While the Big Red Machine of the 1970s might have been extremely good, it has nothing on the 2010 Yankees.
The Bronx Bombers have put together the best hitting infield of all time, and have done so in an un-Yankees manner. Although the Yankees have earned a reputation for buying their talent, the majority of this currently assembled infield is home grown talent.
Derek Jeter, Robinson Cano and Jorge Posada all came up through the Yankees farm system, while Mark Teixeira and Alex Rodriguez, who round out the five, were signed as free agents.
When it’s all said and done, all five players could end up in the Hall of Fame, although Posada is a long shot.
Statistically speaking, however, this 2010 Yankees infield might produce the best offensive numbers collectively of any group, all time.
And yes, that includes the Big Red Machine.
The Reds’ big five, in its prime, consisted of Johnny Bench (c), Tony Perez (1b), Joe Morgan (2b), Dave Concepción (ss), and Pete Rose (3b). The biggest difference between this group and the current Yankees is that this Reds bunch was collectively good throughout a decade, as opposed to one single year.
Rally beginning in 1972, members of the famed Reds teams began producing some of their best individual seasons. The only thing is, they never had their best seasons at the same time.
This Yankees' crew is different; they’re all having stellar 2010 seasons, including Mark Teixeira. Tex started off last season remarkably slow before turning it around, and finishing with a .292 batting average, 39 home runs, 103 runs scored, 122 RBI and was walked 81 times.
Teixeira, the statistical weak link of this Yankees group, is on pace to turn his dismal start around once more. Over the last month, the switch-hitting slugger has hit .259, with six home runs, 21 runs, 22 RBI and 14 walks.
As for the other Yankees, Posada (in roughly 100 officials at bats), is batting .323 with six homers, 16 runs, and 14 RBI; Cano—who is putting up MVP numbers—is batting .373 with 12 homers, 41 runs, and 43 RBI (not to mention a .632 slugging percentage; Jeter is batting .302 with five homers, 35 runs and 31 RBI; and Rodriguez is batting .300 with eight home runs, 33 runs and 43 RBI (and he’s already been walked 25 times).
The Big Red Machine probably had its best overall output in 1975, when Morgan won his first of back-to-back MVP awards. That season he hit .327, 17, 107 and 94, while stealing 67 bases.
The biggest difference between the individual players on Cincinnati and New York is the Reds were built around average and speed guys, who could also hit the ball out of the park on occasion.
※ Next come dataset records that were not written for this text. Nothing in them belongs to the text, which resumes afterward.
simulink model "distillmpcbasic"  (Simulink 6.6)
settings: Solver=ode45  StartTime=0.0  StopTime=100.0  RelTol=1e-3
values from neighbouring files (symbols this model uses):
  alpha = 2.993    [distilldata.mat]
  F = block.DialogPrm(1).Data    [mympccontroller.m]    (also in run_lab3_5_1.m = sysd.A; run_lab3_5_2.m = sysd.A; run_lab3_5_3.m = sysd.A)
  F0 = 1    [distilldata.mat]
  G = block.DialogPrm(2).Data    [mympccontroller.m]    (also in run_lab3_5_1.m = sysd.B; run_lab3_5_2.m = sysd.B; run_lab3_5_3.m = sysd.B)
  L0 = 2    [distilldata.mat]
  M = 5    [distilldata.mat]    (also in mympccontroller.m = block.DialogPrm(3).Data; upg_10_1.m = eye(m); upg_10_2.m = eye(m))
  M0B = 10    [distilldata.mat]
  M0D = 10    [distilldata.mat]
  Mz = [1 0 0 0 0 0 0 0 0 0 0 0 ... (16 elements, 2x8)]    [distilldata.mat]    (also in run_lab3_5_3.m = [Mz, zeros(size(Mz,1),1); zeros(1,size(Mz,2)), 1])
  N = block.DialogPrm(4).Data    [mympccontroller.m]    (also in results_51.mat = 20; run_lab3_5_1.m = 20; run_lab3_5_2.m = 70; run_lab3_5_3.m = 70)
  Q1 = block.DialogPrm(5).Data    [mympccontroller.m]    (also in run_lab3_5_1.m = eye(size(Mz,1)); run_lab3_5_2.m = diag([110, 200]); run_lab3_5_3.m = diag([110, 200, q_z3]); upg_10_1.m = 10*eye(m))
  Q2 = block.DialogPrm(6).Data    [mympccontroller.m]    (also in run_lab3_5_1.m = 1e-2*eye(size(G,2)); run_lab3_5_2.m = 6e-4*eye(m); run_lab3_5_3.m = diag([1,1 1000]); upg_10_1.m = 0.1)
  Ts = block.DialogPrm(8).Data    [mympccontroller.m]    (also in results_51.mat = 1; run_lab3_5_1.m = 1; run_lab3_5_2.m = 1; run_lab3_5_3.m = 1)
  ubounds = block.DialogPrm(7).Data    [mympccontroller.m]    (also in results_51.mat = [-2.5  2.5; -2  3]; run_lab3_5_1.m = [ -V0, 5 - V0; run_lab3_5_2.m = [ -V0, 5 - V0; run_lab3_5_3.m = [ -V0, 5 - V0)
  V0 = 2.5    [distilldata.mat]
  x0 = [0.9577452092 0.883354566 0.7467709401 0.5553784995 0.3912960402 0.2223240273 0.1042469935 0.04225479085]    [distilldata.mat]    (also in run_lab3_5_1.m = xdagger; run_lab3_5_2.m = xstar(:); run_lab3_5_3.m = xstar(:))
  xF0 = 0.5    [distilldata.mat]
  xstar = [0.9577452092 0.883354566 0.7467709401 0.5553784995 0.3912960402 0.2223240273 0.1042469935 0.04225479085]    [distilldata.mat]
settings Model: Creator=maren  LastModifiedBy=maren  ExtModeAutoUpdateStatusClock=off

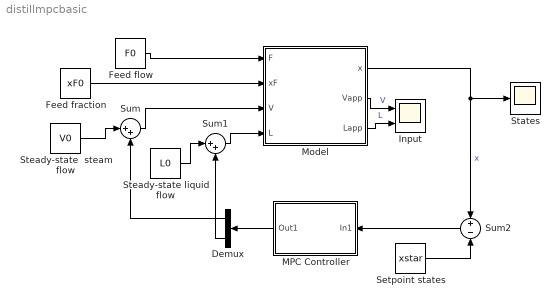
== system distillmpcbasic ==
  Demux : Demux  Orientation=left  Outputs=2
  Feed flow : Constant  Value=F0
  Feed fraction : Constant  Value=xF0
  Input : Scope  NumInputPorts=2
      settings: TimeRange=100  YMin=2.5~2  YMax=5~2.125  SaveName=U
  MPC Controller : Subsystem  Orientation=left  mask{F=F, G=G, M=Mz, N=N, Q1=Q1, Q2=Q2, ubounds=ubounds, Ts=Ts, ufname='solvempcproblem'}
      mask prompts: ubounds "Input bounds [u1min u1max;u2min u2max;...]"; ufname "Output function (Ex: 'myfun1')"
      mask Display:
      | port_label('input',1,'x')
      | port_label('output',1,'u')
  Model : Subsystem
  Setpoint states : Constant  Value=xstar
  States : Scope
      settings: TimeRange=100  YMin=0  YMax=1  SaveName=X
  Steady-state liquid flow : Constant  Value=L0
  Steady-state  steam flow : Constant  Value=V0
  Sum : Sum  Inputs=|++  SaturateOnIntegerOverflow=on
  Sum1 : Sum  Inputs=|++  SaturateOnIntegerOverflow=on
  Sum2 : Sum  Orientation=left  Inputs=+-  SaturateOnIntegerOverflow=on
  wires:
  Feed flow/1 -> Model/1(F)
  Feed fraction/1 -> Model/2(xF)
  Steady-state  steam flow/1 -> Sum/1
  Sum/1 -> Model/3(V)
  Demux/1 -> Sum/2
  Steady-state liquid flow/1 -> Sum1/1
  Demux/2 -> Sum1/2
  Sum1/1 -> Model/4(L)
  Model/1(x) -> States/1, Sum2/1  "x"
  Setpoint states/1 -> Sum2/2
  Model/2(Vapp) -> Input/1  "V"
  Model/3(Lapp) -> Input/2  "L"
  MPC Controller/1(Out1) -> Demux/1
  Sum2/1 -> MPC Controller/1(In1)

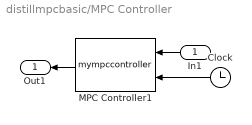
== system distillmpcbasic/MPC Controller ==
  In1 : Inport  Orientation=left
  Clock : Clock
      settings: Decimation=10
  MPC Controller1 : M-S-Function  Orientation=left  FunctionName=mympccontroller  Parameters=F,G,M,N,Q1,Q2,ubounds,Ts,ufname  mask{F=F, G=G, M=M, N=N, Q1=Q1, Q2=Q2, ubounds=ubounds, Ts=Ts, ufname=ufname}
      mask prompts: ubounds "ubounds [u1min u1max;u2min u2max;...]"; ufname "Output function (Ex: 'myfun1')"
      mask Display:
      | port_label('input',1,'x')
      | port_label('input',2,'t')
      | port_label('output',1,'u')
  Out1 : Outport  Orientation=left
  wires:
  Clock/1 -> MPC Controller1/2
  In1/1 -> MPC Controller1/1
  MPC Controller1/1 -> Out1/1

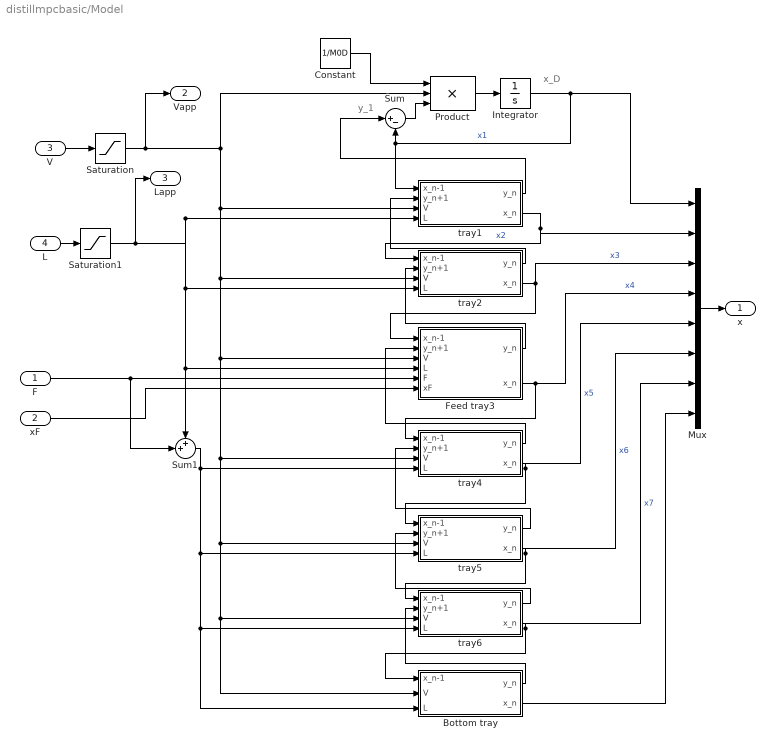
== system distillmpcbasic/Model ==
  note: y_1
  note: x_D
  F : Inport
  xF : Inport  Port=2
  V : Inport  Port=3
  L : Inport  Port=4
  Bottom tray : Subsystem
  Constant : Constant  Value=1/M0D
  Feed tray3 : Subsystem
  Integrator : Integrator  InitialCondition=x0(1)
  Mux : Mux  Inputs=8
  Product : Product  Inputs=3  SaturateOnIntegerOverflow=on
  Saturation : Saturate  UpperLimit=5  LowerLimit=0
  Saturation1 : Saturate  UpperLimit=5  LowerLimit=0
  Sum : Sum  Inputs=|+-  SaturateOnIntegerOverflow=on
  Sum1 : Sum  Inputs=++|  SaturateOnIntegerOverflow=on
  tray1 : Subsystem
  tray2 : Subsystem
  tray4 : Subsystem
  tray5 : Subsystem
  tray6 : Subsystem
  x : Outport
  Vapp : Outport  Port=2
  Lapp : Outport  Port=3
  wires:
  L/1 -> Saturation1/1
  V/1 -> Saturation/1
  Mux/1 -> x/1
  Bottom tray/2(x_n) -> Mux/8
  tray6/2(x_n) -> Mux/7, Bottom tray/1(x_n-1)  "x7"
  Bottom tray/1(y_n) -> tray6/2(y_n+1)
  Sum1/1 -> Bottom tray/3(L), tray6/4(L), tray5/4(L), tray4/4(L)
  tray5/2(x_n) -> Mux/6, tray6/1(x_n-1)  "x6"
  tray6/1(y_n) -> tray5/2(y_n+1)
  tray4/2(x_n) -> Mux/5, tray5/1(x_n-1)  "x5"
  tray5/1(y_n) -> tray4/2(y_n+1)
  Feed tray3/2(x_n) -> Mux/4, tray4/1(x_n-1)  "x4"
  tray4/1(y_n) -> Feed tray3/2(y_n+1)
  xF/1 -> Feed tray3/6(xF)
  F/1 -> Sum1/2, Feed tray3/5(F)
  tray2/2(x_n) -> Mux/3, Feed tray3/1(x_n-1)  "x3"
  Feed tray3/1(y_n) -> tray2/2(y_n+1)
  tray1/2(x_n) -> Mux/2, tray2/1(x_n-1)  "x2"
  tray2/1(y_n) -> tray1/2(y_n+1)
  tray1/1(y_n) -> Sum/1
  Saturation1/1 -> Lapp/1, Sum1/1, Feed tray3/4(L), tray2/4(L), tray1/4(L)
  Saturation/1 -> Vapp/1, Bottom tray/2(V), tray6/3(V), tray5/3(V), tray4/3(V), Feed tray3/3(V), tray2/3(V), tray1/3(V), Product/2
  Sum/1 -> Product/3
  Constant/1 -> Product/1
  Product/1 -> Integrator/1
  Integrator/1 -> Mux/1, tray1/1(x_n-1), Sum/2  "x1"

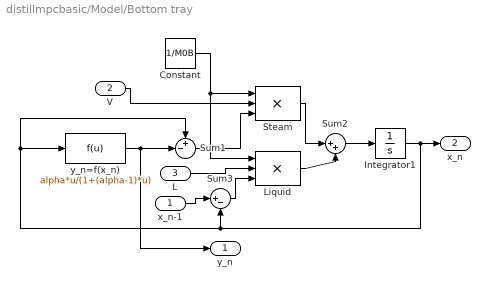
== system distillmpcbasic/Model/Bottom tray ==
  x_n-1 : Inport
  V : Inport  Port=2
  L : Inport  Port=3
  Constant : Constant  Value=1/M0B
  Integrator1 : Integrator  InitialCondition=x0(8)
  Liquid : Product  Inputs=3  SaturateOnIntegerOverflow=on
  Steam : Product  Inputs=3  SaturateOnIntegerOverflow=on
  Sum1 : Sum  Inputs=+-|  SaturateOnIntegerOverflow=on
  Sum2 : Sum  Inputs=|++  SaturateOnIntegerOverflow=on
  Sum3 : Sum  Inputs=|+-  SaturateOnIntegerOverflow=on
  y_n=f(x_n) : Fcn  Expr=alpha*u/(1+(alpha-1)*u)
  y_n : Outport
  x_n : Outport  Port=2
  wires:
  Sum1/1 -> Steam/3
  Constant/1 -> Steam/1, Liquid/1
  Integrator1/1 -> x_n/1, Sum1/1, y_n=f(x_n)/1, Sum3/2
  y_n=f(x_n)/1 -> y_n/1, Sum1/2
  V/1 -> Steam/2
  Liquid/1 -> Sum2/2
  Steam/1 -> Sum2/1
  Sum2/1 -> Integrator1/1
  L/1 -> Liquid/2
  x_n-1/1 -> Sum3/1
  Sum3/1 -> Liquid/3

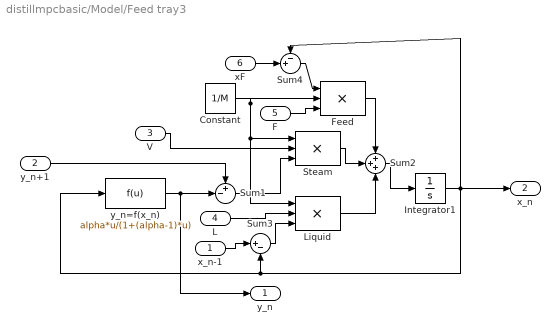
== system distillmpcbasic/Model/Feed tray3 ==
  x_n-1 : Inport
  y_n+1 : Inport  Port=2
  V : Inport  Port=3
  L : Inport  Port=4
  F : Inport  Port=5
  xF : Inport  Port=6
  Constant : Constant  Value=1/M
  Feed : Product  Inputs=3  SaturateOnIntegerOverflow=on
  Integrator1 : Integrator  InitialCondition=x0(4)
  Liquid : Product  Inputs=3  SaturateOnIntegerOverflow=on
  Steam : Product  Inputs=3  SaturateOnIntegerOverflow=on
  Sum1 : Sum  Inputs=+-|  SaturateOnIntegerOverflow=on
  Sum2 : Sum  Inputs=+++  SaturateOnIntegerOverflow=on
  Sum3 : Sum  Inputs=|+-  SaturateOnIntegerOverflow=on
  Sum4 : Sum  Inputs=-+|  SaturateOnIntegerOverflow=on
  y_n=f(x_n) : Fcn  Expr=alpha*u/(1+(alpha-1)*u)
  y_n : Outport
  x_n : Outport  Port=2
  wires:
  Feed/1 -> Sum2/1
  Sum4/1 -> Feed/1
  F/1 -> Feed/3
  xF/1 -> Sum4/2
  Steam/1 -> Sum2/2
  Liquid/1 -> Sum2/3
  Sum1/1 -> Steam/3
  Constant/1 -> Feed/2, Steam/1, Liquid/1
  Integrator1/1 -> Sum4/1, x_n/1, y_n=f(x_n)/1, Sum3/2
  y_n=f(x_n)/1 -> y_n/1, Sum1/2
  y_n+1/1 -> Sum1/1
  V/1 -> Steam/2
  Sum2/1 -> Integrator1/1
  L/1 -> Liquid/2
  x_n-1/1 -> Sum3/1
  Sum3/1 -> Liquid/3

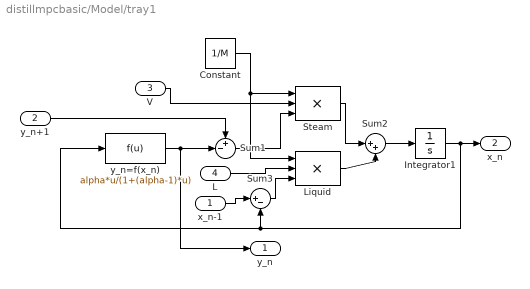
== system distillmpcbasic/Model/tray1 ==
  x_n-1 : Inport
  y_n+1 : Inport  Port=2
  V : Inport  Port=3
  L : Inport  Port=4
  Constant : Constant  Value=1/M
  Integrator1 : Integrator  InitialCondition=x0(2)
  Liquid : Product  Inputs=3  SaturateOnIntegerOverflow=on
  Steam : Product  Inputs=3  SaturateOnIntegerOverflow=on
  Sum1 : Sum  Inputs=+-|  SaturateOnIntegerOverflow=on
  Sum2 : Sum  Inputs=|++  SaturateOnIntegerOverflow=on
  Sum3 : Sum  Inputs=|+-  SaturateOnIntegerOverflow=on
  y_n=f(x_n) : Fcn  Expr=alpha*u/(1+(alpha-1)*u)
  y_n : Outport
  x_n : Outport  Port=2
  wires:
  Sum1/1 -> Steam/3
  Constant/1 -> Steam/1, Liquid/1
  Integrator1/1 -> x_n/1, y_n=f(x_n)/1, Sum3/2
  y_n=f(x_n)/1 -> y_n/1, Sum1/2
  y_n+1/1 -> Sum1/1
  V/1 -> Steam/2
  Liquid/1 -> Sum2/2
  Steam/1 -> Sum2/1
  Sum2/1 -> Integrator1/1
  L/1 -> Liquid/2
  x_n-1/1 -> Sum3/1
  Sum3/1 -> Liquid/3

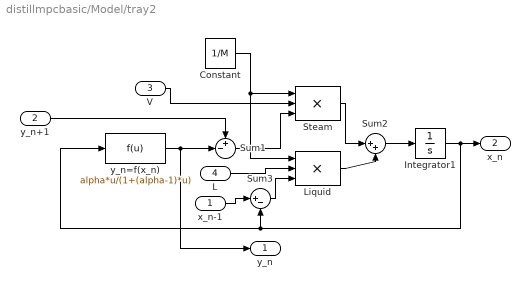
== system distillmpcbasic/Model/tray2 ==
  x_n-1 : Inport
  y_n+1 : Inport  Port=2
  V : Inport  Port=3
  L : Inport  Port=4
  Constant : Constant  Value=1/M
  Integrator1 : Integrator  InitialCondition=x0(3)
  Liquid : Product  Inputs=3  SaturateOnIntegerOverflow=on
  Steam : Product  Inputs=3  SaturateOnIntegerOverflow=on
  Sum1 : Sum  Inputs=+-|  SaturateOnIntegerOverflow=on
  Sum2 : Sum  Inputs=|++  SaturateOnIntegerOverflow=on
  Sum3 : Sum  Inputs=|+-  SaturateOnIntegerOverflow=on
  y_n=f(x_n) : Fcn  Expr=alpha*u/(1+(alpha-1)*u)
  y_n : Outport
  x_n : Outport  Port=2
  wires:
  Sum3/1 -> Liquid/3
  x_n-1/1 -> Sum3/1
  L/1 -> Liquid/2
  Sum2/1 -> Integrator1/1
  Steam/1 -> Sum2/1
  Liquid/1 -> Sum2/2
  V/1 -> Steam/2
  y_n+1/1 -> Sum1/1
  y_n=f(x_n)/1 -> Sum1/2, y_n/1
  Integrator1/1 -> Sum3/2, y_n=f(x_n)/1, x_n/1
  Constant/1 -> Liquid/1, Steam/1
  Sum1/1 -> Steam/3

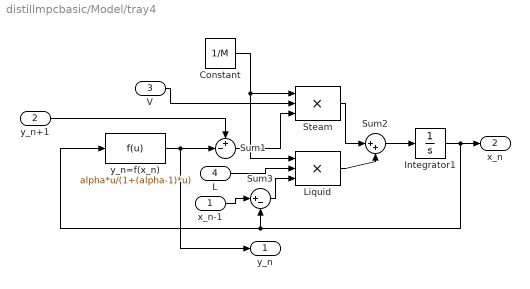
== system distillmpcbasic/Model/tray4 ==
  x_n-1 : Inport
  y_n+1 : Inport  Port=2
  V : Inport  Port=3
  L : Inport  Port=4
  Constant : Constant  Value=1/M
  Integrator1 : Integrator  InitialCondition=x0(5)
  Liquid : Product  Inputs=3  SaturateOnIntegerOverflow=on
  Steam : Product  Inputs=3  SaturateOnIntegerOverflow=on
  Sum1 : Sum  Inputs=+-|  SaturateOnIntegerOverflow=on
  Sum2 : Sum  Inputs=|++  SaturateOnIntegerOverflow=on
  Sum3 : Sum  Inputs=|+-  SaturateOnIntegerOverflow=on
  y_n=f(x_n) : Fcn  Expr=alpha*u/(1+(alpha-1)*u)
  y_n : Outport
  x_n : Outport  Port=2
  wires:
  Sum3/1 -> Liquid/3
  x_n-1/1 -> Sum3/1
  L/1 -> Liquid/2
  Sum2/1 -> Integrator1/1
  Steam/1 -> Sum2/1
  Liquid/1 -> Sum2/2
  V/1 -> Steam/2
  y_n+1/1 -> Sum1/1
  y_n=f(x_n)/1 -> Sum1/2, y_n/1
  Integrator1/1 -> Sum3/2, y_n=f(x_n)/1, x_n/1
  Constant/1 -> Liquid/1, Steam/1
  Sum1/1 -> Steam/3

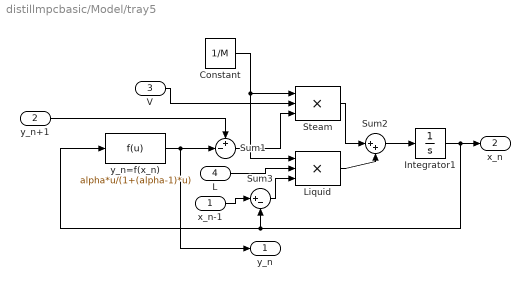
== system distillmpcbasic/Model/tray5 ==
  x_n-1 : Inport
  y_n+1 : Inport  Port=2
  V : Inport  Port=3
  L : Inport  Port=4
  Constant : Constant  Value=1/M
  Integrator1 : Integrator  InitialCondition=x0(6)
  Liquid : Product  Inputs=3  SaturateOnIntegerOverflow=on
  Steam : Product  Inputs=3  SaturateOnIntegerOverflow=on
  Sum1 : Sum  Inputs=+-|  SaturateOnIntegerOverflow=on
  Sum2 : Sum  Inputs=|++  SaturateOnIntegerOverflow=on
  Sum3 : Sum  Inputs=|+-  SaturateOnIntegerOverflow=on
  y_n=f(x_n) : Fcn  Expr=alpha*u/(1+(alpha-1)*u)
  y_n : Outport
  x_n : Outport  Port=2
  wires:
  Sum1/1 -> Steam/3
  Constant/1 -> Steam/1, Liquid/1
  Integrator1/1 -> x_n/1, y_n=f(x_n)/1, Sum3/2
  y_n=f(x_n)/1 -> y_n/1, Sum1/2
  y_n+1/1 -> Sum1/1
  V/1 -> Steam/2
  Liquid/1 -> Sum2/2
  Steam/1 -> Sum2/1
  Sum2/1 -> Integrator1/1
  L/1 -> Liquid/2
  x_n-1/1 -> Sum3/1
  Sum3/1 -> Liquid/3

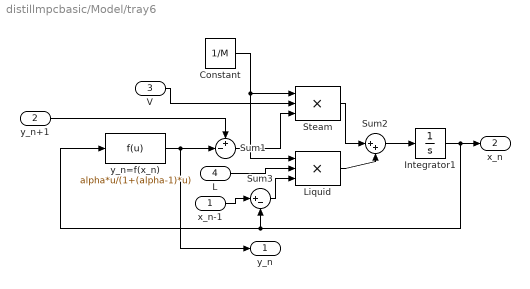
== system distillmpcbasic/Model/tray6 ==
  x_n-1 : Inport
  y_n+1 : Inport  Port=2
  V : Inport  Port=3
  L : Inport  Port=4
  Constant : Constant  Value=1/M
  Integrator1 : Integrator  InitialCondition=x0(7)
  Liquid : Product  Inputs=3  SaturateOnIntegerOverflow=on
  Steam : Product  Inputs=3  SaturateOnIntegerOverflow=on
  Sum1 : Sum  Inputs=+-|  SaturateOnIntegerOverflow=on
  Sum2 : Sum  Inputs=|++  SaturateOnIntegerOverflow=on
  Sum3 : Sum  Inputs=|+-  SaturateOnIntegerOverflow=on
  y_n=f(x_n) : Fcn  Expr=alpha*u/(1+(alpha-1)*u)
  y_n : Outport
  x_n : Outport  Port=2
  wires:
  Sum3/1 -> Liquid/3
  x_n-1/1 -> Sum3/1
  L/1 -> Liquid/2
  Sum2/1 -> Integrator1/1
  Steam/1 -> Sum2/1
  Liquid/1 -> Sum2/2
  V/1 -> Steam/2
  y_n+1/1 -> Sum1/1
  y_n=f(x_n)/1 -> Sum1/2, y_n/1
  Integrator1/1 -> Sum3/2, y_n=f(x_n)/1, x_n/1
  Constant/1 -> Liquid/1, Steam/1
  Sum1/1 -> Steam/3

The Yankees, on the other hand, are power hitters, who also hit for high average and can steal a base.
(And before you begin hating on the Evil Empire for the stadium they play in, it should be mentioned that Cincinnati’s power allies—the distance from home plate to the right and left center field fences—were shorter than the ones in the new stadium in the Bronx.)
Clearly, we’re going to have to take a wait-and-see approach to determine if the 2010 Yankees can maintain this statistical success. Cano, like Morgan, may win the MVP as a second basemen, especially if he continues to produce at this rate.
Teixeira and Rodriguez should each hit at least 30 homers this season. During the 1970s, only once did teammates of the Big Red Machine hit at least 30 homers in the same season, and that was in 1970 when Bench and Perez each hit 40.
All in all, the Bombers should give the Reds a run for their money. With A-Rod—the active leader in career home runs—poised to reach 600 dingers soon, Cano potentially winning his first MVP Award, and the Yankees set for another title run, perhaps one more story can be written in the legendary Yankees history books in 2010.